EXERCISE BRIEF
What is needed is an exact repeat of the lines from the line containing "line L4 (630, 230) -> (630, 705)" through the final line of the entries below, and nothing else.

TASK INPUTS
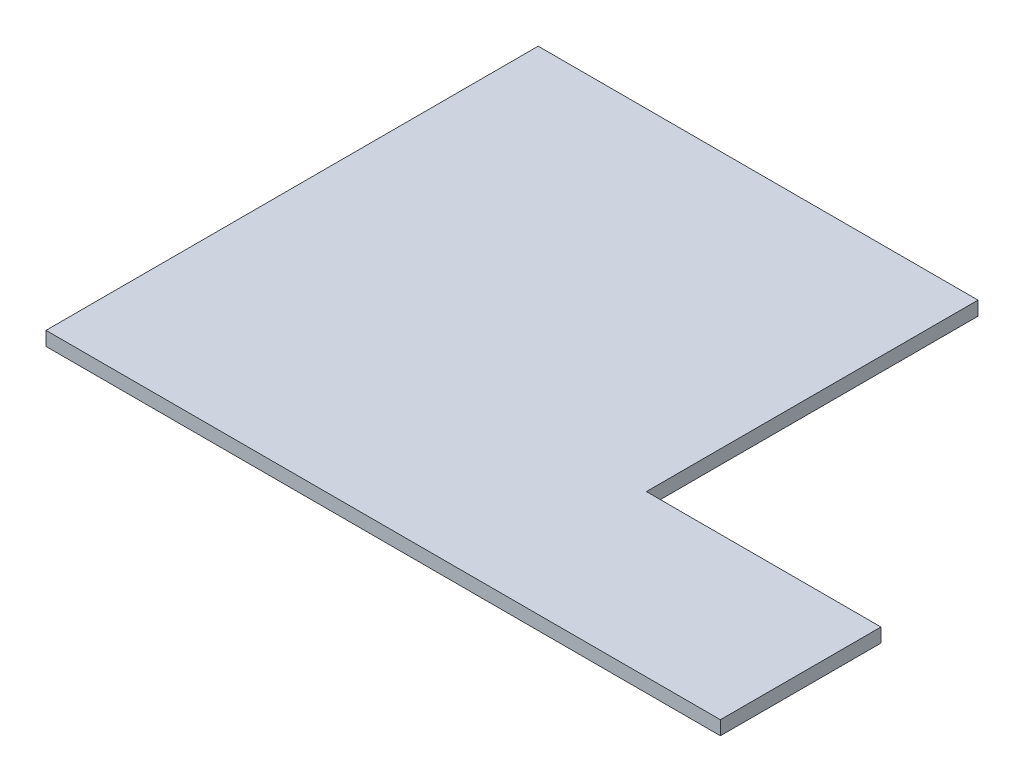
SolidWorks part; units mm, degrees
material "橡木"
ref_plane "前视基准面" through (0, 0, 0) normal (0, 0, 1) x (1, 0, 0)
ref_plane "上视基准面" through (0, 0, 0) normal (0, 1, 0) x (1, 0, 0)
ref_plane "右视基准面" through (0, 0, 0) normal (1, 0, 0) x (0, 0, -1)
other "Configuration Table"
sketch "草图1" plane through (0, 0, 0) normal (0, 1, 0) x (1, 0, 0)
  line L1 (0, 0) -> (630, 0)
  line L2 (0, 0) -> (0, 705)
  line L3 (0, 705) -> (630, 705)
  line L4 (630, 230) -> (630, 705)
  line L5 (630, 0) -> (966, 0)
  line L7 (630, 230) -> (966, 230)
  line L8 (966, 0) -> (966, 230)
  dimension "D1" = 630
  dimension "D2" = 705
  dimension "D3" = 336
  dimension "D4" = 230
extrude "凸台-拉伸1" add sketch "草图1" along normal blind 20

ANSWER BOX
  line L4 (630, 230) -> (630, 705)
  line L5 (630, 0) -> (966, 0)
  line L7 (630, 230) -> (966, 230)
  line L8 (966, 0) -> (966, 230)
  dimension "D1" = 630
  dimension "D2" = 705
  dimension "D3" = 336
  dimension "D4" = 230
extrude "凸台-拉伸1" add sketch "草图1" along normal blind 20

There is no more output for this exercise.